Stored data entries
────

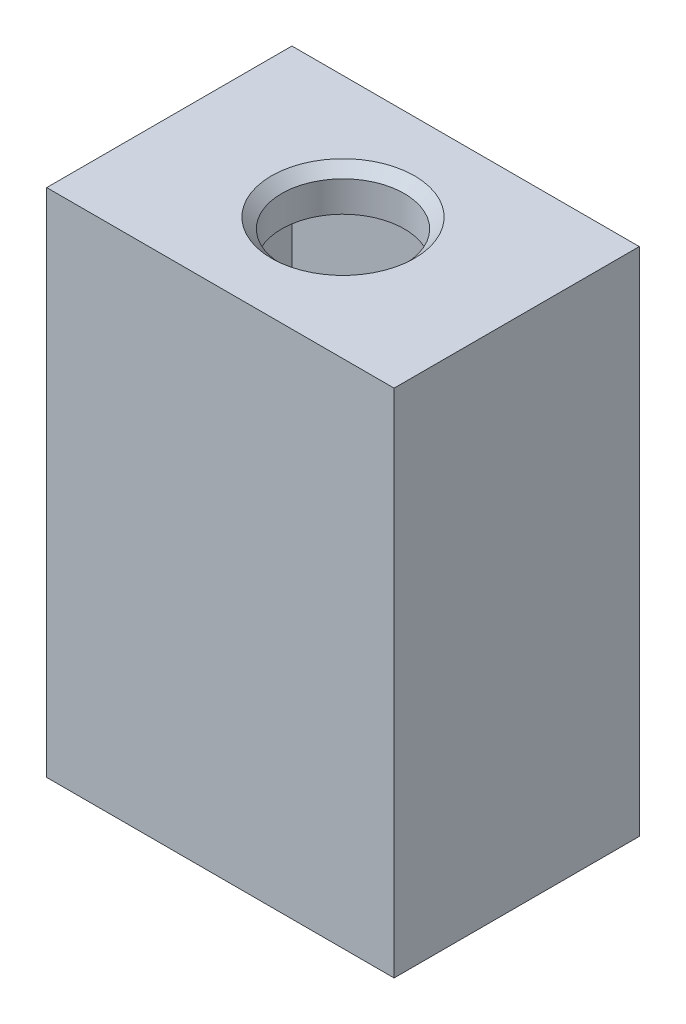
ISO-10303-21;
HEADER;
FILE_DESCRIPTION(('STEP AP214'),'2;1');
FILE_NAME('part.step','',(''),(''),'','','');
FILE_SCHEMA(('AUTOMOTIVE_DESIGN { 1 0 10303 214 1 1 1 1 }'));
ENDSEC;
DATA;
#1=APPLICATION_CONTEXT('core data for automotive mechanical design processes');
#2=APPLICATION_PROTOCOL_DEFINITION('international standard','automotive_design',2000,#1);
#3=PRODUCT_CONTEXT('',#1,'mechanical');
#4=PRODUCT('Part','Part','',(#3));
#5=PRODUCT_RELATED_PRODUCT_CATEGORY('part','',(#4));
#6=PRODUCT_DEFINITION_FORMATION('','',#4);
#7=PRODUCT_DEFINITION_CONTEXT('part definition',#1,'design');
#8=PRODUCT_DEFINITION('design','',#6,#7);
#9=PRODUCT_DEFINITION_SHAPE('','',#8);
#10=(LENGTH_UNIT() NAMED_UNIT(*) SI_UNIT(.MILLI.,.METRE.));
#11=(NAMED_UNIT(*) PLANE_ANGLE_UNIT() SI_UNIT($,.RADIAN.));
#12=(NAMED_UNIT(*) SI_UNIT($,.STERADIAN.) SOLID_ANGLE_UNIT());
#13=UNCERTAINTY_MEASURE_WITH_UNIT(LENGTH_MEASURE(1.E-05),#10,'distance_accuracy_value','');
#14=(GEOMETRIC_REPRESENTATION_CONTEXT(3) GLOBAL_UNCERTAINTY_ASSIGNED_CONTEXT((#13)) GLOBAL_UNIT_ASSIGNED_CONTEXT((#10,
#11,#12)) REPRESENTATION_CONTEXT('',''));
#15=CARTESIAN_POINT('',(0.,0.,0.));
#16=DIRECTION('',(0.,0.,1.));
#17=DIRECTION('',(1.,0.,0.));
#18=AXIS2_PLACEMENT_3D('',#15,#16,#17);
#19=CARTESIAN_POINT('',(0.,0.,0.));
#20=DIRECTION('',(0.,1.,0.));
#21=DIRECTION('',(0.,0.,1.));
#22=AXIS2_PLACEMENT_3D('',#19,#20,#21);
#23=PLANE('',#22);
#24=CARTESIAN_POINT('',(0.,0.,0.));
#25=DIRECTION('',(0.,1.,0.));
#26=DIRECTION('',(0.,0.,1.));
#27=AXIS2_PLACEMENT_3D('',#24,#25,#26);
#28=CIRCLE('',#27,3.);
#29=CARTESIAN_POINT('',(0.,0.,3.));
#30=VERTEX_POINT('',#29);
#31=EDGE_CURVE('E151',#30,#30,#28,.T.);
#32=ORIENTED_EDGE('',*,*,#31,.T.);
#33=EDGE_LOOP('',(#32));
#34=FACE_BOUND('',#33,.T.);
#35=DIRECTION('',(0.,0.,1.));
#36=VECTOR('',#35,1.);
#37=CARTESIAN_POINT('',(-7.,0.,-4.5));
#38=LINE('',#37,#36);
#39=CARTESIAN_POINT('',(-7.,0.,-4.5));
#40=VERTEX_POINT('',#39);
#41=CARTESIAN_POINT('',(-7.,0.,4.5));
#42=VERTEX_POINT('',#41);
#43=EDGE_CURVE('E51',#40,#42,#38,.T.);
#44=ORIENTED_EDGE('',*,*,#43,.F.);
#45=DIRECTION('',(-1.,0.,0.));
#46=VECTOR('',#45,1.);
#47=CARTESIAN_POINT('',(-7.,0.,-4.5));
#48=LINE('',#47,#46);
#49=CARTESIAN_POINT('',(7.,0.,-4.5));
#50=VERTEX_POINT('',#49);
#51=EDGE_CURVE('E56',#50,#40,#48,.T.);
#52=ORIENTED_EDGE('',*,*,#51,.F.);
#53=DIRECTION('',(0.,0.,-1.));
#54=VECTOR('',#53,1.);
#55=CARTESIAN_POINT('',(7.,0.,-4.5));
#56=LINE('',#55,#54);
#57=CARTESIAN_POINT('',(7.,0.,4.5));
#58=VERTEX_POINT('',#57);
#59=EDGE_CURVE('E124',#58,#50,#56,.T.);
#60=ORIENTED_EDGE('',*,*,#59,.F.);
#61=DIRECTION('',(1.,0.,0.));
#62=VECTOR('',#61,1.);
#63=CARTESIAN_POINT('',(-7.,0.,4.5));
#64=LINE('',#63,#62);
#65=EDGE_CURVE('E130',#42,#58,#64,.T.);
#66=ORIENTED_EDGE('',*,*,#65,.F.);
#67=EDGE_LOOP('',(#44,#52,#60,#66));
#68=FACE_BOUND('',#67,.T.);
#69=ADVANCED_FACE('F35',(#34,#68),#23,.F.);
#70=CARTESIAN_POINT('',(0.,2.,0.));
#71=DIRECTION('',(0.,1.,0.));
#72=DIRECTION('',(0.,0.,1.));
#73=AXIS2_PLACEMENT_3D('',#70,#71,#72);
#74=PLANE('',#73);
#75=CARTESIAN_POINT('',(0.,2.,0.));
#76=DIRECTION('',(0.,1.,0.));
#77=DIRECTION('',(0.,0.,1.));
#78=AXIS2_PLACEMENT_3D('',#75,#76,#77);
#79=CIRCLE('',#78,3.5);
#80=CARTESIAN_POINT('',(0.,2.,3.5));
#81=VERTEX_POINT('',#80);
#82=EDGE_CURVE('E11',#81,#81,#79,.F.);
#83=ORIENTED_EDGE('',*,*,#82,.T.);
#84=EDGE_LOOP('',(#83));
#85=FACE_BOUND('',#84,.T.);
#86=DIRECTION('',(0.,0.,1.));
#87=VECTOR('',#86,1.);
#88=CARTESIAN_POINT('',(-8.5,2.,-6.));
#89=LINE('',#88,#87);
#90=CARTESIAN_POINT('',(-8.5,2.,-6.));
#91=VERTEX_POINT('',#90);
#92=CARTESIAN_POINT('',(-8.5,2.,6.));
#93=VERTEX_POINT('',#92);
#94=EDGE_CURVE('E154',#91,#93,#89,.T.);
#95=ORIENTED_EDGE('',*,*,#94,.T.);
#96=DIRECTION('',(1.,0.,0.));
#97=VECTOR('',#96,1.);
#98=CARTESIAN_POINT('',(-8.5,2.,6.));
#99=LINE('',#98,#97);
#100=CARTESIAN_POINT('',(8.5,2.,6.));
#101=VERTEX_POINT('',#100);
#102=EDGE_CURVE('E157',#93,#101,#99,.T.);
#103=ORIENTED_EDGE('',*,*,#102,.T.);
#104=DIRECTION('',(0.,0.,-1.));
#105=VECTOR('',#104,1.);
#106=CARTESIAN_POINT('',(8.5,2.,-6.));
#107=LINE('',#106,#105);
#108=CARTESIAN_POINT('',(8.5,2.,-6.));
#109=VERTEX_POINT('',#108);
#110=EDGE_CURVE('E159',#101,#109,#107,.T.);
#111=ORIENTED_EDGE('',*,*,#110,.T.);
#112=DIRECTION('',(-1.,0.,0.));
#113=VECTOR('',#112,1.);
#114=CARTESIAN_POINT('',(-8.5,2.,-6.));
#115=LINE('',#114,#113);
#116=EDGE_CURVE('E161',#109,#91,#115,.T.);
#117=ORIENTED_EDGE('',*,*,#116,.T.);
#118=EDGE_LOOP('',(#95,#103,#111,#117));
#119=FACE_BOUND('',#118,.T.);
#120=ADVANCED_FACE('F185',(#85,#119),#74,.T.);
#121=CARTESIAN_POINT('',(-8.5,2.,-6.));
#122=DIRECTION('',(1.,0.,0.));
#123=DIRECTION('',(0.,0.,-1.));
#124=AXIS2_PLACEMENT_3D('',#121,#122,#123);
#125=PLANE('',#124);
#126=DIRECTION('',(0.,-1.,0.));
#127=VECTOR('',#126,1.);
#128=CARTESIAN_POINT('',(-8.5,2.,-6.));
#129=LINE('',#128,#127);
#130=CARTESIAN_POINT('',(-8.5,-23.,-6.));
#131=VERTEX_POINT('',#130);
#132=EDGE_CURVE('E163',#91,#131,#129,.T.);
#133=ORIENTED_EDGE('',*,*,#132,.T.);
#134=DIRECTION('',(0.,0.,1.));
#135=VECTOR('',#134,1.);
#136=CARTESIAN_POINT('',(-8.5,-23.,-6.));
#137=LINE('',#136,#135);
#138=CARTESIAN_POINT('',(-8.5,-23.,6.));
#139=VERTEX_POINT('',#138);
#140=EDGE_CURVE('E136',#131,#139,#137,.T.);
#141=ORIENTED_EDGE('',*,*,#140,.T.);
#142=DIRECTION('',(0.,-1.,0.));
#143=VECTOR('',#142,1.);
#144=CARTESIAN_POINT('',(-8.5,2.,6.));
#145=LINE('',#144,#143);
#146=EDGE_CURVE('E169',#93,#139,#145,.T.);
#147=ORIENTED_EDGE('',*,*,#146,.F.);
#148=ORIENTED_EDGE('',*,*,#94,.F.);
#149=EDGE_LOOP('',(#133,#141,#147,#148));
#150=FACE_BOUND('',#149,.T.);
#151=ADVANCED_FACE('F191',(#150),#125,.F.);
#152=CARTESIAN_POINT('',(-8.5,2.,6.));
#153=DIRECTION('',(0.,0.,-1.));
#154=DIRECTION('',(-1.,0.,0.));
#155=AXIS2_PLACEMENT_3D('',#152,#153,#154);
#156=PLANE('',#155);
#157=ORIENTED_EDGE('',*,*,#146,.T.);
#158=DIRECTION('',(1.,0.,0.));
#159=VECTOR('',#158,1.);
#160=CARTESIAN_POINT('',(-8.5,-23.,6.));
#161=LINE('',#160,#159);
#162=CARTESIAN_POINT('',(8.5,-23.,6.));
#163=VERTEX_POINT('',#162);
#164=EDGE_CURVE('E142',#139,#163,#161,.T.);
#165=ORIENTED_EDGE('',*,*,#164,.T.);
#166=DIRECTION('',(0.,-1.,0.));
#167=VECTOR('',#166,1.);
#168=CARTESIAN_POINT('',(8.5,2.,6.));
#169=LINE('',#168,#167);
#170=EDGE_CURVE('E167',#101,#163,#169,.T.);
#171=ORIENTED_EDGE('',*,*,#170,.F.);
#172=ORIENTED_EDGE('',*,*,#102,.F.);
#173=EDGE_LOOP('',(#157,#165,#171,#172));
#174=FACE_BOUND('',#173,.T.);
#175=ADVANCED_FACE('F203',(#174),#156,.F.);
#176=CARTESIAN_POINT('',(8.5,2.,-6.));
#177=DIRECTION('',(-1.,0.,0.));
#178=DIRECTION('',(0.,0.,1.));
#179=AXIS2_PLACEMENT_3D('',#176,#177,#178);
#180=PLANE('',#179);
#181=ORIENTED_EDGE('',*,*,#170,.T.);
#182=DIRECTION('',(0.,0.,-1.));
#183=VECTOR('',#182,1.);
#184=CARTESIAN_POINT('',(8.5,-23.,-6.));
#185=LINE('',#184,#183);
#186=CARTESIAN_POINT('',(8.5,-23.,-6.));
#187=VERTEX_POINT('',#186);
#188=EDGE_CURVE('E145',#163,#187,#185,.T.);
#189=ORIENTED_EDGE('',*,*,#188,.T.);
#190=DIRECTION('',(0.,-1.,0.));
#191=VECTOR('',#190,1.);
#192=CARTESIAN_POINT('',(8.5,2.,-6.));
#193=LINE('',#192,#191);
#194=EDGE_CURVE('E165',#109,#187,#193,.T.);
#195=ORIENTED_EDGE('',*,*,#194,.F.);
#196=ORIENTED_EDGE('',*,*,#110,.F.);
#197=EDGE_LOOP('',(#181,#189,#195,#196));
#198=FACE_BOUND('',#197,.T.);
#199=ADVANCED_FACE('F199',(#198),#180,.F.);
#200=CARTESIAN_POINT('',(-8.5,2.,-6.));
#201=DIRECTION('',(0.,0.,1.));
#202=DIRECTION('',(1.,0.,0.));
#203=AXIS2_PLACEMENT_3D('',#200,#201,#202);
#204=PLANE('',#203);
#205=ORIENTED_EDGE('',*,*,#194,.T.);
#206=DIRECTION('',(-1.,0.,0.));
#207=VECTOR('',#206,1.);
#208=CARTESIAN_POINT('',(-8.5,-23.,-6.));
#209=LINE('',#208,#207);
#210=EDGE_CURVE('E148',#187,#131,#209,.T.);
#211=ORIENTED_EDGE('',*,*,#210,.T.);
#212=ORIENTED_EDGE('',*,*,#132,.F.);
#213=ORIENTED_EDGE('',*,*,#116,.F.);
#214=EDGE_LOOP('',(#205,#211,#212,#213));
#215=FACE_BOUND('',#214,.T.);
#216=ADVANCED_FACE('F196',(#215),#204,.F.);
#217=CARTESIAN_POINT('',(0.,2.,0.));
#218=DIRECTION('',(0.,-1.,0.));
#219=DIRECTION('',(0.,0.,-1.));
#220=AXIS2_PLACEMENT_3D('',#217,#218,#219);
#221=CYLINDRICAL_SURFACE('',#220,3.);
#222=CARTESIAN_POINT('',(0.,1.5,0.));
#223=DIRECTION('',(0.,1.,0.));
#224=DIRECTION('',(0.,0.,1.));
#225=AXIS2_PLACEMENT_3D('',#222,#223,#224);
#226=CIRCLE('',#225,3.);
#227=CARTESIAN_POINT('',(0.,1.5,3.));
#228=VERTEX_POINT('',#227);
#229=EDGE_CURVE('E44',#228,#228,#226,.T.);
#230=ORIENTED_EDGE('',*,*,#229,.T.);
#231=EDGE_LOOP('',(#230));
#232=FACE_BOUND('',#231,.T.);
#233=ORIENTED_EDGE('',*,*,#31,.F.);
#234=EDGE_LOOP('',(#233));
#235=FACE_BOUND('',#234,.T.);
#236=ADVANCED_FACE('F173',(#232,#235),#221,.F.);
#237=CARTESIAN_POINT('',(0.,-23.,0.));
#238=DIRECTION('',(0.,1.,0.));
#239=DIRECTION('',(0.,0.,1.));
#240=AXIS2_PLACEMENT_3D('',#237,#238,#239);
#241=PLANE('',#240);
#242=DIRECTION('',(-1.,0.,0.));
#243=VECTOR('',#242,1.);
#244=CARTESIAN_POINT('',(-7.,-23.,-4.5));
#245=LINE('',#244,#243);
#246=CARTESIAN_POINT('',(7.,-23.,-4.5));
#247=VERTEX_POINT('',#246);
#248=CARTESIAN_POINT('',(-7.,-23.,-4.5));
#249=VERTEX_POINT('',#248);
#250=EDGE_CURVE('E109',#247,#249,#245,.T.);
#251=ORIENTED_EDGE('',*,*,#250,.T.);
#252=DIRECTION('',(0.,0.,1.));
#253=VECTOR('',#252,1.);
#254=CARTESIAN_POINT('',(-7.,-23.,-4.5));
#255=LINE('',#254,#253);
#256=CARTESIAN_POINT('',(-7.,-23.,4.5));
#257=VERTEX_POINT('',#256);
#258=EDGE_CURVE('E104',#249,#257,#255,.T.);
#259=ORIENTED_EDGE('',*,*,#258,.T.);
#260=DIRECTION('',(1.,0.,0.));
#261=VECTOR('',#260,1.);
#262=CARTESIAN_POINT('',(-7.,-23.,4.5));
#263=LINE('',#262,#261);
#264=CARTESIAN_POINT('',(7.,-23.,4.5));
#265=VERTEX_POINT('',#264);
#266=EDGE_CURVE('E113',#257,#265,#263,.T.);
#267=ORIENTED_EDGE('',*,*,#266,.T.);
#268=DIRECTION('',(0.,0.,-1.));
#269=VECTOR('',#268,1.);
#270=CARTESIAN_POINT('',(7.,-23.,-4.5));
#271=LINE('',#270,#269);
#272=EDGE_CURVE('E118',#265,#247,#271,.T.);
#273=ORIENTED_EDGE('',*,*,#272,.T.);
#274=EDGE_LOOP('',(#251,#259,#267,#273));
#275=FACE_BOUND('',#274,.T.);
#276=ORIENTED_EDGE('',*,*,#140,.F.);
#277=ORIENTED_EDGE('',*,*,#210,.F.);
#278=ORIENTED_EDGE('',*,*,#188,.F.);
#279=ORIENTED_EDGE('',*,*,#164,.F.);
#280=EDGE_LOOP('',(#276,#277,#278,#279));
#281=FACE_BOUND('',#280,.T.);
#282=ADVANCED_FACE('F120',(#275,#281),#241,.F.);
#283=CARTESIAN_POINT('',(-7.,-23.,-4.5));
#284=DIRECTION('',(-1.,0.,0.));
#285=DIRECTION('',(0.,0.,1.));
#286=AXIS2_PLACEMENT_3D('',#283,#284,#285);
#287=PLANE('',#286);
#288=ORIENTED_EDGE('',*,*,#43,.T.);
#289=DIRECTION('',(0.,1.,0.));
#290=VECTOR('',#289,1.);
#291=CARTESIAN_POINT('',(-7.,-23.,4.5));
#292=LINE('',#291,#290);
#293=EDGE_CURVE('E100',#257,#42,#292,.T.);
#294=ORIENTED_EDGE('',*,*,#293,.F.);
#295=ORIENTED_EDGE('',*,*,#258,.F.);
#296=DIRECTION('',(0.,1.,0.));
#297=VECTOR('',#296,1.);
#298=CARTESIAN_POINT('',(-7.,-23.,-4.5));
#299=LINE('',#298,#297);
#300=EDGE_CURVE('E134',#249,#40,#299,.T.);
#301=ORIENTED_EDGE('',*,*,#300,.T.);
#302=EDGE_LOOP('',(#288,#294,#295,#301));
#303=FACE_BOUND('',#302,.T.);
#304=ADVANCED_FACE('F102',(#303),#287,.F.);
#305=CARTESIAN_POINT('',(-7.,-23.,-4.5));
#306=DIRECTION('',(0.,0.,-1.));
#307=DIRECTION('',(-1.,0.,0.));
#308=AXIS2_PLACEMENT_3D('',#305,#306,#307);
#309=PLANE('',#308);
#310=ORIENTED_EDGE('',*,*,#51,.T.);
#311=ORIENTED_EDGE('',*,*,#300,.F.);
#312=ORIENTED_EDGE('',*,*,#250,.F.);
#313=DIRECTION('',(0.,1.,0.));
#314=VECTOR('',#313,1.);
#315=CARTESIAN_POINT('',(7.,-23.,-4.5));
#316=LINE('',#315,#314);
#317=EDGE_CURVE('E137',#247,#50,#316,.T.);
#318=ORIENTED_EDGE('',*,*,#317,.T.);
#319=EDGE_LOOP('',(#310,#311,#312,#318));
#320=FACE_BOUND('',#319,.T.);
#321=ADVANCED_FACE('F229',(#320),#309,.F.);
#322=CARTESIAN_POINT('',(7.,-23.,-4.5));
#323=DIRECTION('',(1.,0.,0.));
#324=DIRECTION('',(0.,0.,-1.));
#325=AXIS2_PLACEMENT_3D('',#322,#323,#324);
#326=PLANE('',#325);
#327=ORIENTED_EDGE('',*,*,#59,.T.);
#328=ORIENTED_EDGE('',*,*,#317,.F.);
#329=ORIENTED_EDGE('',*,*,#272,.F.);
#330=DIRECTION('',(0.,1.,0.));
#331=VECTOR('',#330,1.);
#332=CARTESIAN_POINT('',(7.,-23.,4.5));
#333=LINE('',#332,#331);
#334=EDGE_CURVE('E108',#265,#58,#333,.T.);
#335=ORIENTED_EDGE('',*,*,#334,.T.);
#336=EDGE_LOOP('',(#327,#328,#329,#335));
#337=FACE_BOUND('',#336,.T.);
#338=ADVANCED_FACE('F181',(#337),#326,.F.);
#339=CARTESIAN_POINT('',(-7.,-23.,4.5));
#340=DIRECTION('',(0.,0.,1.));
#341=DIRECTION('',(1.,0.,0.));
#342=AXIS2_PLACEMENT_3D('',#339,#340,#341);
#343=PLANE('',#342);
#344=ORIENTED_EDGE('',*,*,#65,.T.);
#345=ORIENTED_EDGE('',*,*,#334,.F.);
#346=ORIENTED_EDGE('',*,*,#266,.F.);
#347=ORIENTED_EDGE('',*,*,#293,.T.);
#348=EDGE_LOOP('',(#344,#345,#346,#347));
#349=FACE_BOUND('',#348,.T.);
#350=ADVANCED_FACE('F114',(#349),#343,.F.);
#351=CARTESIAN_POINT('',(0.,1.5,0.));
#352=DIRECTION('',(0.,1.,0.));
#353=DIRECTION('',(0.,0.,1.));
#354=AXIS2_PLACEMENT_3D('',#351,#352,#353);
#355=CONICAL_SURFACE('',#354,3.,0.785398163397452);
#356=ORIENTED_EDGE('',*,*,#82,.F.);
#357=EDGE_LOOP('',(#356));
#358=FACE_BOUND('',#357,.T.);
#359=ORIENTED_EDGE('',*,*,#229,.F.);
#360=EDGE_LOOP('',(#359));
#361=FACE_BOUND('',#360,.T.);
#362=ADVANCED_FACE('F38',(#358,#361),#355,.F.);
#363=CLOSED_SHELL('',(#69,#120,#151,#175,#199,#216,#236,#282,#304,#321,#338,#350,#362));
#364=MANIFOLD_SOLID_BREP('B2',#363);
#365=ADVANCED_BREP_SHAPE_REPRESENTATION('',(#18,#364),#14);
#366=SHAPE_DEFINITION_REPRESENTATION(#9,#365);
ENDSEC;
END-ISO-10303-21;

────

### Activity
An exact copy of the lines above between the line holding "#18=AXIS2_PLACEMENT_3D('',#15,#16,#17);" and the line holding "#73=AXIS2_PLACEMENT_3D('',#70,#71,#72);", inclusive, is the whole answer.

### Solution
#18=AXIS2_PLACEMENT_3D('',#15,#16,#17);
#19=CARTESIAN_POINT('',(0.,0.,0.));
#20=DIRECTION('',(0.,1.,0.));
#21=DIRECTION('',(0.,0.,1.));
#22=AXIS2_PLACEMENT_3D('',#19,#20,#21);
#23=PLANE('',#22);
#24=CARTESIAN_POINT('',(0.,0.,0.));
#25=DIRECTION('',(0.,1.,0.));
#26=DIRECTION('',(0.,0.,1.));
#27=AXIS2_PLACEMENT_3D('',#24,#25,#26);
#28=CIRCLE('',#27,3.);
#29=CARTESIAN_POINT('',(0.,0.,3.));
#30=VERTEX_POINT('',#29);
#31=EDGE_CURVE('E151',#30,#30,#28,.T.);
#32=ORIENTED_EDGE('',*,*,#31,.T.);
#33=EDGE_LOOP('',(#32));
#34=FACE_BOUND('',#33,.T.);
#35=DIRECTION('',(0.,0.,1.));
#36=VECTOR('',#35,1.);
#37=CARTESIAN_POINT('',(-7.,0.,-4.5));
#38=LINE('',#37,#36);
#39=CARTESIAN_POINT('',(-7.,0.,-4.5));
#40=VERTEX_POINT('',#39);
#41=CARTESIAN_POINT('',(-7.,0.,4.5));
#42=VERTEX_POINT('',#41);
#43=EDGE_CURVE('E51',#40,#42,#38,.T.);
#44=ORIENTED_EDGE('',*,*,#43,.F.);
#45=DIRECTION('',(-1.,0.,0.));
#46=VECTOR('',#45,1.);
#47=CARTESIAN_POINT('',(-7.,0.,-4.5));
#48=LINE('',#47,#46);
#49=CARTESIAN_POINT('',(7.,0.,-4.5));
#50=VERTEX_POINT('',#49);
#51=EDGE_CURVE('E56',#50,#40,#48,.T.);
#52=ORIENTED_EDGE('',*,*,#51,.F.);
#53=DIRECTION('',(0.,0.,-1.));
#54=VECTOR('',#53,1.);
#55=CARTESIAN_POINT('',(7.,0.,-4.5));
#56=LINE('',#55,#54);
#57=CARTESIAN_POINT('',(7.,0.,4.5));
#58=VERTEX_POINT('',#57);
#59=EDGE_CURVE('E124',#58,#50,#56,.T.);
#60=ORIENTED_EDGE('',*,*,#59,.F.);
#61=DIRECTION('',(1.,0.,0.));
#62=VECTOR('',#61,1.);
#63=CARTESIAN_POINT('',(-7.,0.,4.5));
#64=LINE('',#63,#62);
#65=EDGE_CURVE('E130',#42,#58,#64,.T.);
#66=ORIENTED_EDGE('',*,*,#65,.F.);
#67=EDGE_LOOP('',(#44,#52,#60,#66));
#68=FACE_BOUND('',#67,.T.);
#69=ADVANCED_FACE('F35',(#34,#68),#23,.F.);
#70=CARTESIAN_POINT('',(0.,2.,0.));
#71=DIRECTION('',(0.,1.,0.));
#72=DIRECTION('',(0.,0.,1.));
#73=AXIS2_PLACEMENT_3D('',#70,#71,#72);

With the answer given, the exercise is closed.